- Status: Planned Program
Background
Generative AI applications such as ChatGPT or Midjourney are currently attracting a great deal of attention. These models can be used in a wide range of application areas without any prior technical knowledge due to their ability to generate complex and multimodal outputs (e.g. text, image, audio, video) based on free inputs (prompts). The increasing adaptation of generative AI models in the domains of internal and external security is foreseeable considering their great application potential. The foundation models powering generative AI applications are mostly trained by private-sector companies, mostly in the USA and China, with high effort. Their underlying data sets, training mechanisms and model architectures are usually not (or no longer) published. In terms of cyber security, the high application potential of foundation models is thus offset by a currently high level of technological dependency and risks in terms of cyber security and application security.

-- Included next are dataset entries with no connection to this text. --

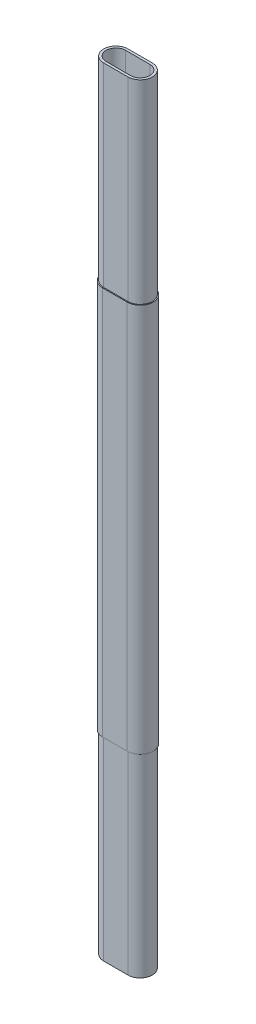
ISO-10303-21;
HEADER;
FILE_DESCRIPTION(('STEP AP214'),'2;1');
FILE_NAME('part.step','',(''),(''),'','','');
FILE_SCHEMA(('AUTOMOTIVE_DESIGN { 1 0 10303 214 1 1 1 1 }'));
ENDSEC;
DATA;
#1=APPLICATION_CONTEXT('core data for automotive mechanical design processes');
#2=APPLICATION_PROTOCOL_DEFINITION('international standard','automotive_design',2000,#1);
#3=PRODUCT_CONTEXT('',#1,'mechanical');
#4=PRODUCT('Part','Part','',(#3));
#5=PRODUCT_RELATED_PRODUCT_CATEGORY('part','',(#4));
#6=PRODUCT_DEFINITION_FORMATION('','',#4);
#7=PRODUCT_DEFINITION_CONTEXT('part definition',#1,'design');
#8=PRODUCT_DEFINITION('design','',#6,#7);
#9=PRODUCT_DEFINITION_SHAPE('','',#8);
#10=(LENGTH_UNIT() NAMED_UNIT(*) SI_UNIT(.MILLI.,.METRE.));
#11=(NAMED_UNIT(*) PLANE_ANGLE_UNIT() SI_UNIT($,.RADIAN.));
#12=(NAMED_UNIT(*) SI_UNIT($,.STERADIAN.) SOLID_ANGLE_UNIT());
#13=UNCERTAINTY_MEASURE_WITH_UNIT(LENGTH_MEASURE(1.E-05),#10,'distance_accuracy_value','');
#14=(GEOMETRIC_REPRESENTATION_CONTEXT(3) GLOBAL_UNCERTAINTY_ASSIGNED_CONTEXT((#13)) GLOBAL_UNIT_ASSIGNED_CONTEXT((#10,
#11,#12)) REPRESENTATION_CONTEXT('',''));
#15=CARTESIAN_POINT('',(0.,0.,0.));
#16=DIRECTION('',(0.,0.,1.));
#17=DIRECTION('',(1.,0.,0.));
#18=AXIS2_PLACEMENT_3D('',#15,#16,#17);
#19=CARTESIAN_POINT('',(-0.25,-8.,0.));
#20=DIRECTION('',(0.,1.,0.));
#21=DIRECTION('',(0.,0.,1.));
#22=AXIS2_PLACEMENT_3D('',#19,#20,#21);
#23=CYLINDRICAL_SURFACE('',#22,0.25);
#24=DIRECTION('',(0.,1.,0.));
#25=VECTOR('',#24,1.);
#26=CARTESIAN_POINT('',(-0.25,-8.,0.25));
#27=LINE('',#26,#25);
#28=CARTESIAN_POINT('',(-0.25,-8.,0.25));
#29=VERTEX_POINT('',#28);
#30=CARTESIAN_POINT('',(-0.25,-4.,0.25));
#31=VERTEX_POINT('',#30);
#32=EDGE_CURVE('E134',#29,#31,#27,.T.);
#33=ORIENTED_EDGE('',*,*,#32,.T.);
#34=CARTESIAN_POINT('',(-0.25,-4.,0.));
#35=DIRECTION('',(0.,1.,0.));
#36=DIRECTION('',(0.,0.,1.));
#37=AXIS2_PLACEMENT_3D('',#34,#35,#36);
#38=CIRCLE('',#37,0.25);
#39=CARTESIAN_POINT('',(-0.25,-4.,-0.25));
#40=VERTEX_POINT('',#39);
#41=EDGE_CURVE('E277',#40,#31,#38,.T.);
#42=ORIENTED_EDGE('',*,*,#41,.F.);
#43=DIRECTION('',(0.,1.,0.));
#44=VECTOR('',#43,1.);
#45=CARTESIAN_POINT('',(-0.25,-8.,-0.25));
#46=LINE('',#45,#44);
#47=CARTESIAN_POINT('',(-0.25,-8.,-0.25));
#48=VERTEX_POINT('',#47);
#49=EDGE_CURVE('E12',#48,#40,#46,.T.);
#50=ORIENTED_EDGE('',*,*,#49,.F.);
#51=CARTESIAN_POINT('',(-0.25,-8.,0.));
#52=DIRECTION('',(0.,1.,0.));
#53=DIRECTION('',(0.,0.,1.));
#54=AXIS2_PLACEMENT_3D('',#51,#52,#53);
#55=CIRCLE('',#54,0.25);
#56=EDGE_CURVE('E341',#48,#29,#55,.T.);
#57=ORIENTED_EDGE('',*,*,#56,.T.);
#58=EDGE_LOOP('',(#33,#42,#50,#57));
#59=FACE_BOUND('',#58,.T.);
#60=ADVANCED_FACE('F130',(#59),#23,.T.);
#61=CARTESIAN_POINT('',(-0.25,-8.,-0.25));
#62=DIRECTION('',(0.,0.,-1.));
#63=DIRECTION('',(-1.,0.,0.));
#64=AXIS2_PLACEMENT_3D('',#61,#62,#63);
#65=PLANE('',#64);
#66=ORIENTED_EDGE('',*,*,#49,.T.);
#67=DIRECTION('',(-1.,0.,0.));
#68=VECTOR('',#67,1.);
#69=CARTESIAN_POINT('',(-0.25,-4.,-0.25));
#70=LINE('',#69,#68);
#71=CARTESIAN_POINT('',(0.25,-4.,-0.25));
#72=VERTEX_POINT('',#71);
#73=EDGE_CURVE('E283',#72,#40,#70,.T.);
#74=ORIENTED_EDGE('',*,*,#73,.F.);
#75=DIRECTION('',(0.,1.,0.));
#76=VECTOR('',#75,1.);
#77=CARTESIAN_POINT('',(0.25,-8.,-0.25));
#78=LINE('',#77,#76);
#79=CARTESIAN_POINT('',(0.25,-8.,-0.25));
#80=VERTEX_POINT('',#79);
#81=EDGE_CURVE('E357',#80,#72,#78,.T.);
#82=ORIENTED_EDGE('',*,*,#81,.F.);
#83=DIRECTION('',(-1.,0.,0.));
#84=VECTOR('',#83,1.);
#85=CARTESIAN_POINT('',(-0.25,-8.,-0.25));
#86=LINE('',#85,#84);
#87=EDGE_CURVE('E255',#80,#48,#86,.T.);
#88=ORIENTED_EDGE('',*,*,#87,.T.);
#89=EDGE_LOOP('',(#66,#74,#82,#88));
#90=FACE_BOUND('',#89,.T.);
#91=ADVANCED_FACE('F383',(#90),#65,.T.);
#92=CARTESIAN_POINT('',(0.25,-8.,0.));
#93=DIRECTION('',(0.,1.,0.));
#94=DIRECTION('',(0.,0.,1.));
#95=AXIS2_PLACEMENT_3D('',#92,#93,#94);
#96=CYLINDRICAL_SURFACE('',#95,0.25);
#97=ORIENTED_EDGE('',*,*,#81,.T.);
#98=CARTESIAN_POINT('',(0.25,-4.,0.));
#99=DIRECTION('',(0.,1.,0.));
#100=DIRECTION('',(0.,0.,1.));
#101=AXIS2_PLACEMENT_3D('',#98,#99,#100);
#102=CIRCLE('',#101,0.25);
#103=CARTESIAN_POINT('',(0.25,-4.,0.25));
#104=VERTEX_POINT('',#103);
#105=EDGE_CURVE('E281',#104,#72,#102,.T.);
#106=ORIENTED_EDGE('',*,*,#105,.F.);
#107=DIRECTION('',(0.,1.,0.));
#108=VECTOR('',#107,1.);
#109=CARTESIAN_POINT('',(0.25,-8.,0.25));
#110=LINE('',#109,#108);
#111=CARTESIAN_POINT('',(0.25,-8.,0.25));
#112=VERTEX_POINT('',#111);
#113=EDGE_CURVE('E360',#112,#104,#110,.T.);
#114=ORIENTED_EDGE('',*,*,#113,.F.);
#115=CARTESIAN_POINT('',(0.25,-8.,0.));
#116=DIRECTION('',(0.,1.,0.));
#117=DIRECTION('',(0.,0.,1.));
#118=AXIS2_PLACEMENT_3D('',#115,#116,#117);
#119=CIRCLE('',#118,0.25);
#120=EDGE_CURVE('E352',#112,#80,#119,.T.);
#121=ORIENTED_EDGE('',*,*,#120,.T.);
#122=EDGE_LOOP('',(#97,#106,#114,#121));
#123=FACE_BOUND('',#122,.T.);
#124=ADVANCED_FACE('F376',(#123),#96,.T.);
#125=CARTESIAN_POINT('',(0.25,-8.,0.25));
#126=DIRECTION('',(0.,0.,1.));
#127=DIRECTION('',(1.,0.,0.));
#128=AXIS2_PLACEMENT_3D('',#125,#126,#127);
#129=PLANE('',#128);
#130=ORIENTED_EDGE('',*,*,#113,.T.);
#131=DIRECTION('',(1.,0.,0.));
#132=VECTOR('',#131,1.);
#133=CARTESIAN_POINT('',(-0.25,-4.,0.25));
#134=LINE('',#133,#132);
#135=EDGE_CURVE('E279',#31,#104,#134,.T.);
#136=ORIENTED_EDGE('',*,*,#135,.F.);
#137=ORIENTED_EDGE('',*,*,#32,.F.);
#138=DIRECTION('',(1.,0.,0.));
#139=VECTOR('',#138,1.);
#140=CARTESIAN_POINT('',(0.25,-8.,0.25));
#141=LINE('',#140,#139);
#142=EDGE_CURVE('E349',#29,#112,#141,.T.);
#143=ORIENTED_EDGE('',*,*,#142,.T.);
#144=EDGE_LOOP('',(#130,#136,#137,#143));
#145=FACE_BOUND('',#144,.T.);
#146=ADVANCED_FACE('F370',(#145),#129,.T.);
#147=CARTESIAN_POINT('',(-0.25,4.,0.));
#148=DIRECTION('',(0.,1.,0.));
#149=DIRECTION('',(0.,0.,1.));
#150=AXIS2_PLACEMENT_3D('',#147,#148,#149);
#151=CIRCLE('',#150,0.25);
#152=CARTESIAN_POINT('',(-0.25,4.,-0.25));
#153=VERTEX_POINT('',#152);
#154=CARTESIAN_POINT('',(-0.25,4.,0.25));
#155=VERTEX_POINT('',#154);
#156=EDGE_CURVE('E257',#153,#155,#151,.T.);
#157=ORIENTED_EDGE('',*,*,#156,.T.);
#158=CARTESIAN_POINT('',(-0.25,8.,0.25));
#159=VERTEX_POINT('',#158);
#160=EDGE_CURVE('E245',#155,#159,#27,.T.);
#161=ORIENTED_EDGE('',*,*,#160,.T.);
#162=CARTESIAN_POINT('',(-0.25,8.,0.));
#163=DIRECTION('',(0.,1.,0.));
#164=DIRECTION('',(0.,0.,1.));
#165=AXIS2_PLACEMENT_3D('',#162,#163,#164);
#166=CIRCLE('',#165,0.25);
#167=CARTESIAN_POINT('',(-0.25,8.,-0.25));
#168=VERTEX_POINT('',#167);
#169=EDGE_CURVE('E317',#168,#159,#166,.T.);
#170=ORIENTED_EDGE('',*,*,#169,.F.);
#171=EDGE_CURVE('E139',#153,#168,#46,.T.);
#172=ORIENTED_EDGE('',*,*,#171,.F.);
#173=EDGE_LOOP('',(#157,#161,#170,#172));
#174=FACE_BOUND('',#173,.T.);
#175=ADVANCED_FACE('F132',(#174),#23,.T.);
#176=DIRECTION('',(-1.,0.,0.));
#177=VECTOR('',#176,1.);
#178=CARTESIAN_POINT('',(-0.25,4.,-0.25));
#179=LINE('',#178,#177);
#180=CARTESIAN_POINT('',(0.25,4.,-0.25));
#181=VERTEX_POINT('',#180);
#182=EDGE_CURVE('E147',#181,#153,#179,.T.);
#183=ORIENTED_EDGE('',*,*,#182,.T.);
#184=ORIENTED_EDGE('',*,*,#171,.T.);
#185=DIRECTION('',(-1.,0.,0.));
#186=VECTOR('',#185,1.);
#187=CARTESIAN_POINT('',(-0.25,8.,-0.25));
#188=LINE('',#187,#186);
#189=CARTESIAN_POINT('',(0.25,8.,-0.25));
#190=VERTEX_POINT('',#189);
#191=EDGE_CURVE('E323',#190,#168,#188,.T.);
#192=ORIENTED_EDGE('',*,*,#191,.F.);
#193=EDGE_CURVE('E359',#181,#190,#78,.T.);
#194=ORIENTED_EDGE('',*,*,#193,.F.);
#195=EDGE_LOOP('',(#183,#184,#192,#194));
#196=FACE_BOUND('',#195,.T.);
#197=ADVANCED_FACE('F386',(#196),#65,.T.);
#198=CARTESIAN_POINT('',(0.25,4.,0.));
#199=DIRECTION('',(0.,1.,0.));
#200=DIRECTION('',(0.,0.,1.));
#201=AXIS2_PLACEMENT_3D('',#198,#199,#200);
#202=CIRCLE('',#201,0.25);
#203=CARTESIAN_POINT('',(0.25,4.,0.25));
#204=VERTEX_POINT('',#203);
#205=EDGE_CURVE('E155',#204,#181,#202,.T.);
#206=ORIENTED_EDGE('',*,*,#205,.T.);
#207=ORIENTED_EDGE('',*,*,#193,.T.);
#208=CARTESIAN_POINT('',(0.25,8.,0.));
#209=DIRECTION('',(0.,1.,0.));
#210=DIRECTION('',(0.,0.,1.));
#211=AXIS2_PLACEMENT_3D('',#208,#209,#210);
#212=CIRCLE('',#211,0.25);
#213=CARTESIAN_POINT('',(0.25,8.,0.25));
#214=VERTEX_POINT('',#213);
#215=EDGE_CURVE('E320',#214,#190,#212,.T.);
#216=ORIENTED_EDGE('',*,*,#215,.F.);
#217=EDGE_CURVE('E362',#204,#214,#110,.T.);
#218=ORIENTED_EDGE('',*,*,#217,.F.);
#219=EDGE_LOOP('',(#206,#207,#216,#218));
#220=FACE_BOUND('',#219,.T.);
#221=ADVANCED_FACE('F392',(#220),#96,.T.);
#222=DIRECTION('',(1.,0.,0.));
#223=VECTOR('',#222,1.);
#224=CARTESIAN_POINT('',(-0.25,4.,0.25));
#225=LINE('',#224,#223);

Evaluations and comparisons in the form of benchmarks are useful for improving the assessment of properties of externally trained models. However, due to the high versatility and unstructured outputs of these models, they represent a complex problem that takes on additional urgency in the security context. Holistic benchmarking, in particular, remains an open and increasingly relevant research question in view of the recent strong growth in the capabilities of large AI models.
Aim
As part of a competition, comprehensive benchmark sets –consisting of tasks, metrics and suitable test data sets—are to be developed that enable a holistic evaluation of pre-trained generative AI foundation models (e.g. text-image models) for a given use case. In addition, foundation models are to be adapted to this use case (fine-tuning or in-context learning), evaluated using the various benchmarks developed and implemented in the form of an application demonstrator. In addition, conceptual insights are to be gained into the fundamental problem of evaluating universally applicable AI systems.
Disruptive Risk Research
The development of benchmarks and adaptation of foundation models as well as their realization as demonstrators take place in a unique competitive constellation in which each participant is in direct comparison with all other participants in terms of both benchmark and model development. Each model is evaluated and ranked against all benchmarks developed. All benchmarks are also evaluated separately in terms of their characteristics. Being a challenge of high-risk research, there is a possibility that no sufficiently suitable evaluation mechanisms will be found for certain AI systems under certain (holistic) requirements, as each benchmark is per definition specific, finite and contextual.